Issue 027-minute read

Why we built the LCP before the LMS.

Most EdTech ships the LMS first and adds personalisation later. We did it backwards because the lesson generator demanded it. Order of operations as architecture.

By Bill Faruki2026-05-21

Order of operations is architecture. The decisions you make about what to build first shape everything you build afterward. ArthurAI was built in an order that looks backward from the perspective of the EdTech market, and the order is the most architecturally consequential decision the company has made.

Most EdTech ships the Learning Management System (LMS) first. The LMS is the container: rosters, courses, content, assessments, gradebook, reports. With the container shipped and customers using it, the company then adds "personalisation" as a feature — usually a recommendation engine that suggests which static lesson a student should see next, based on telemetry from the gradebook.

That order produces a recognisable kind of product.
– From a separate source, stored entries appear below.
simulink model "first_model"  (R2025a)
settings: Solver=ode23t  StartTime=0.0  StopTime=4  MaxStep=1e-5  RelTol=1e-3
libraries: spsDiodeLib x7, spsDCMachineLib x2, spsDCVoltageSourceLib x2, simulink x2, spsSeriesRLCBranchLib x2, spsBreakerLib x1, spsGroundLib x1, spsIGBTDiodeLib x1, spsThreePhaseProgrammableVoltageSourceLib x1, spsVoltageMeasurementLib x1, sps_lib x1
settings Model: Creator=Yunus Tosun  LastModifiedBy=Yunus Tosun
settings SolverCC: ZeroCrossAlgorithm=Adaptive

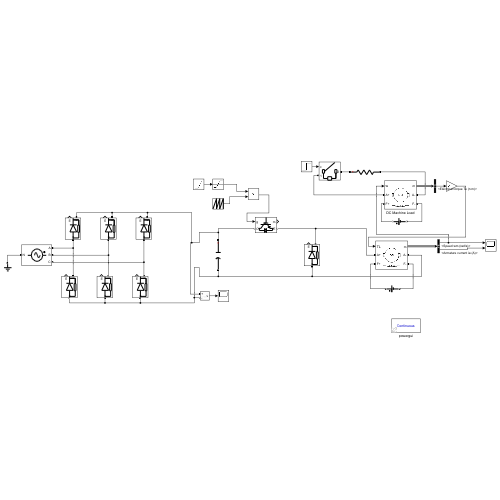
[thumbnail: Simulink's stored preview of the top-level diagram]
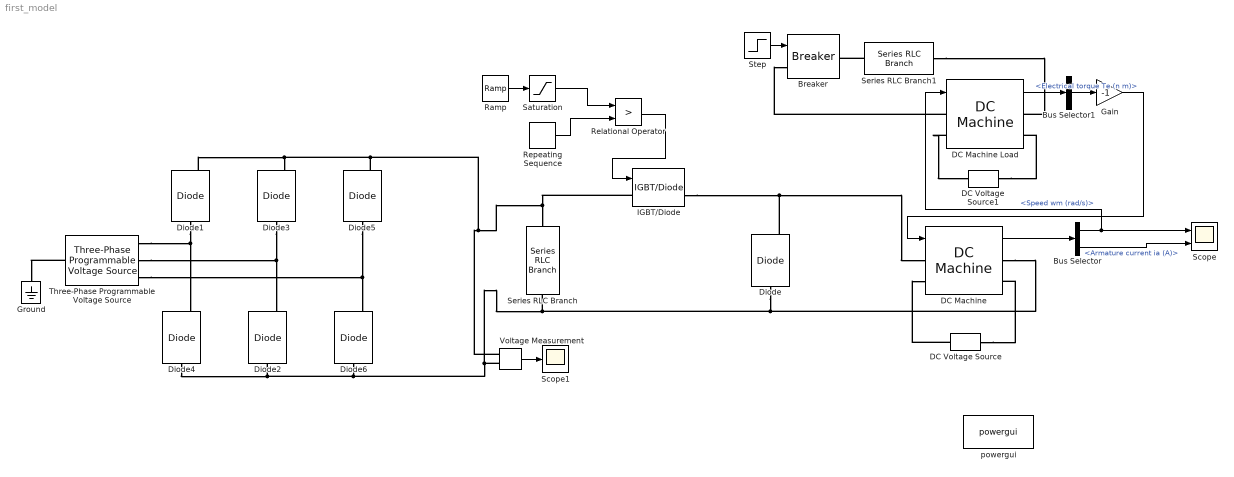
== system first_model ==
  Breaker : spsBreakerLib/Breaker  InitialState=0  SwitchingTimes="[1/60  5/60]"  External=on  BreakerResistance=0.01  SnubberResistance=1e6  SnubberCapacitance=inf  Measurements=None  MoreParameters=on  NoBreakLoop=off
  Bus Selector : BusSelector  OutputSignals=Speed wm (rad/s),Armature current ia (A)
  Bus Selector1 : BusSelector  OutputSignals=Electrical torque Te (n m)
  DC Machine : spsDCMachineLib/DC Machine  PresetModel=No  MechanicalLoad=Torque TL  FieldType=Wound  ShowDetailedParameters=on  MeasurementBus=off  RLa="[ 1.07  0.0245]"  RLf="[ 210  23]"  Laf=1.18  MachineConstant=Torque constant (N.m/A)  Ke=1.8  Kt=1.8  J=0.06  Bm=0.0032  Tf=0.3  w0=0  Ifinit=1.04761904756944  TsPowergui=0  TsBlock=-1
  DC Machine Load : spsDCMachineLib/DC Machine  PresetModel=No  MechanicalLoad=Speed w  FieldType=Wound  ShowDetailedParameters=on  MeasurementBus=off  RLa="[ 1.07  0.0245]"  RLf="[ 210  23]"  Laf=1.18  MachineConstant=Torque constant (N.m/A)  Ke=1.8  Kt=1.8  J=0.06  Bm=0.0032  Tf=0.3  w0=0  Ifinit=1.04761904761905  TsPowergui=0  TsBlock=-1
  DC Voltage Source : spsDCVoltageSourceLib/DC Voltage Source  Amplitude=220  Measurements=None
  DC Voltage Source1 : spsDCVoltageSourceLib/DC Voltage Source  Amplitude=220  Measurements=None
  Diode{,1..6} (7 alike) : spsDiodeLib/Diode  Ron=0.001  Lon=0  Vf=0.8  IC=0  UseSnubber=0  Rs=500  Cs=250e-9  Measurements=on
  Gain : Gain  Gain=-1
  Ground : spsGroundLib/Ground  LConnTagsString=a
  IGBT/Diode : spsIGBTDiodeLib/IGBT//Diode  Ron=1e-3  Rs=1e5  Cs=inf  Measurements=on
  Ramp : simulink/Sources/Ramp  slope=0.425  start=0  InitialOutput=0
  Relational Operator : RelationalOperator  Operator=>  OutDataTypeStr=boolean  RndMeth=Simplest  InputSameDT=off
  Repeating Sequence : simulink/Sources/Repeating Sequence  rep_seq_t=[0 0.0001]  rep_seq_y=[0 1]
  Saturation : Saturate  UpperLimit=0.85  LowerLimit=0
  Scope : Scope  NumInputPorts=2
      settings: ActiveDisplayYMinimum=-23.528143646666418  ActiveDisplayYMaximum=148.9323473339966
  Scope1 : Scope
      settings: ActiveDisplayYMinimum=139.47565629905122  ActiveDisplayYMaximum=264.4727330125051
  Series RLC Branch : spsSeriesRLCBranchLib/Series RLC Branch  LConnTagsString=__new0  RConnTagsString=__new0  BranchType=C  Resistance=1  Inductance=1e-3  SetiL0=off  InitialCurrent=0  Capacitance=1000e-6  Setx0=off  InitialVoltage=0  Measurements=None
  Series RLC Branch1 : spsSeriesRLCBranchLib/Series RLC Branch  LConnTagsString=__new0  RConnTagsString=__new0  BranchType=R  Resistance=12  Inductance=1e-3  SetiL0=off  InitialCurrent=0  Capacitance=1e-6  Setx0=off  InitialVoltage=0  Measurements=None
  Step : Step  Time=2.5  SampleTime=0
  Three-Phase Programmable Voltage Source : spsThreePhaseProgrammableVoltageSourceLib/Three-Phase Programmable Voltage Source  PositiveSequence="[150  0 50]"  VariationEntity=None  VariationType=Table of time-amplitude pairs  VariationTypeAlt=Step  VariationStep=0.5  VariationRate=10  VariationMagnitude=0.3  VariationFrequency=2  VariationTiming=[1 2]  VariationPhaseA=off  Amplitudes=[1 0.8 1.2 1.0]  TimeValues=[0 0.1 0.15 0.2]  HarmonicGeneration=off  HarmonicA=[3 0.2 -25 0]  HarmonicB=[2 0.15 35 2]  Timing="[0.05  3]"  BusType=swing  Pref=0  Qref=0  Qmin=-inf  Qmax=inf
  Voltage Measurement : spsVoltageMeasurementLib/Voltage Measurement  PhasorSimulation=off  OutputType=Complex  PSBequivalent=0
  powergui : sps_lib/powergui  Priority=1  SimulationMode=Continuous  SampleTime=50e-6  frequency=60  Iterations=50  frequencyindice=0  Pbase=100e6  ErrMax=1e-4  UnitsV=kV  UnitsW=MW  buscounter=0  FunctionMessages=off  echomessages=off  EnableUseOfTLC=off  CurrentSourceSwitches=off  DisableSnubberDevices=off  DisableRonSwitches=off  DisableVfSwitches=off  DisplayEquations=off  AutomaticDiscreteSolvers=off  SolverType=Tustin/Backward Euler (TBE)  Interpol=off  ExternalGateDelay=off  methode=off  Ts=100  x0status=blocks  SPID=on  SwTol=0  HookPort=off  NonlinearTolerance=1e-4  nMaxIteration=100  ContinueOnMaxIteration=off  RestoreLinks=warning  ResistiveCurrentMeasurement=off  Frange=[0:2:500]  Ylog=off  Xlog=on  ShowGrid=off  save=off  variable=ZData  structure=0  ZoomFFT=off  StartTime=0.0  cycles=1  DisplayStyle=1  fundamental=60  FreqAxis=off  MaxFrequency=1000  frequencyindicesteady=1  RmsSteady=1  display=off
  wires:
  DC Machine/1 -> Bus Selector/1
  Bus Selector/2 -> Scope/2  "<Armature current ia (A)>"
  Bus Selector/1 -> DC Machine Load/1, Scope/1  "<Speed wm (rad/s)>"
  Voltage Measurement/1 -> Scope1/1
  Ramp/1 -> Saturation/1
  Saturation/1 -> Relational Operator/1
  Repeating Sequence/1 -> Relational Operator/2
  Relational Operator/1 -> IGBT/Diode/1
  DC Machine Load/1 -> Bus Selector1/1
  Bus Selector1/1 -> Gain/1  "<Electrical torque Te (n m)>"
  Gain/1 -> DC Machine/1
  Step/1 -> Breaker/1
  connections:
  DC Voltage Source/LConn1 -- DC Machine/RConn2
  DC Voltage Source/RConn1 -- DC Machine/LConn2
  IGBT/Diode/RConn1 -- Diode/RConn1 -- DC Machine/LConn1
  Three-Phase Programmable Voltage Source/LConn1 -- Ground/LConn1
  Diode1/LConn1 -- Three-Phase Programmable Voltage Source/RConn1 -- Diode4/RConn1
  Diode3/LConn1 -- Three-Phase Programmable Voltage Source/RConn2 -- Diode2/RConn1
  Diode5/LConn1 -- Three-Phase Programmable Voltage Source/RConn3 -- Diode6/RConn1
  Diode3/RConn1 -- Diode1/RConn1 -- Diode5/RConn1 -- Voltage Measurement/LConn1 -- Series RLC Branch/LConn1 -- IGBT/Diode/LConn1
  Voltage Measurement/LConn2 -- DC Machine/RConn1 -- Diode/LConn1 -- Series RLC Branch/RConn1 -- Diode2/LConn1 -- Diode4/LConn1 -- Diode6/LConn1
  DC Machine Load/LConn2 -- DC Voltage Source1/RConn1
  DC Voltage Source1/LConn1 -- DC Machine Load/RConn2
  Series RLC Branch1/LConn1 -- Breaker/RConn1
  DC Machine Load/LConn1 -- Breaker/LConn1
  Series RLC Branch1/RConn1 -- DC Machine Load/RConn1

Personalisation is bolted on. The recommendation engine works at the lesson-selection level. The lessons themselves are static. The system can personalise which lesson is played; it cannot personalise the lesson itself. That ceiling is built into the architecture by the order in which it was constructed.

We did it backwards

We started with the Learning Cognitive Profile. Thirty questions across five categories. Four cognitive dimensions (visual-verbal, active-reflective, sensing-intuitive, sequential-global). The instrument was the first thing the platform asks every learner to complete, because the lesson generator that comes next needs the four-coordinate signature as input on every generation call. The LCP was not a feature. The LCP was the precondition.

Then we built the lesson generator. Not a content library with a recommendation engine on top, but a generation pipeline that produces a fresh lesson per learner per concept per day. The generator reads the LCP signature on every call and adapts the lesson's block composition to the learner's cognitive style. Visual-strong learners get more diagrams, hierarchy trees, comparison tables. Verbal-strong learners get more definitions and accordions. Same concept; structurally different lesson per learner.

Then we built the live tutor. Not as a chat surface bolted on, but as a streaming tutoring channel that inherits the same LCP signature, the same cognitive posture, the same disciplinary reasoning. The tutor and the lesson are the same product surface seen from two angles, not a tutor app glued onto an LMS.

Then we built the assessment surface, the certificate system, the dashboards, the reports, the bulk import. These are the LMS-like surfaces. They came last, because they need to be downstream of the cognitive instrument, the generation engine, and the tutor — not upstream of them.

The order of operations is the architecture. We built the instrument before the system that consumes its output. That order is the difference between a recommendation engine and a personalisation engine.

What the order made possible

Closed-loop adaptive learning, at the lesson level, not the lesson-selection level. When a learner crosses 50% completion of the day's lessons, the entire next day's lessons are queued for generation, with today's practice accuracy passed in as mastery signal. The system is not picking which static lesson to show tomorrow; it is generating tomorrow's lessons, calibrated to who the learner is and what they just demonstrated they had or had not mastered.

That capability is unavailable to any platform that built the LMS first. A content library with a recommendation engine on top cannot, structurally, do this. The ceiling is the static content. The generation engine sees no such ceiling because the generation engine is the content layer.

What the order cost us

Time and complexity. The LMS-first companies in market were faster to ship. Their first version was a complete container; ours did not have a gradebook for a long time. We invested in the LCP, the generator, and the tutor before we shipped the surfaces a procurement officer recognises from prior EdTech evaluations. Customers had to understand that what they were buying was architecturally different. Some did. Some did not.

The cost was worth it, because the order is the architecture. We could have built the LMS first and added personalisation. We would have ended up with a product the market already had several of. We chose to invent the instrument, the engine, and the tutor first, and let the LMS surfaces follow from what they enabled. The platform that exists today is the artefact of that order.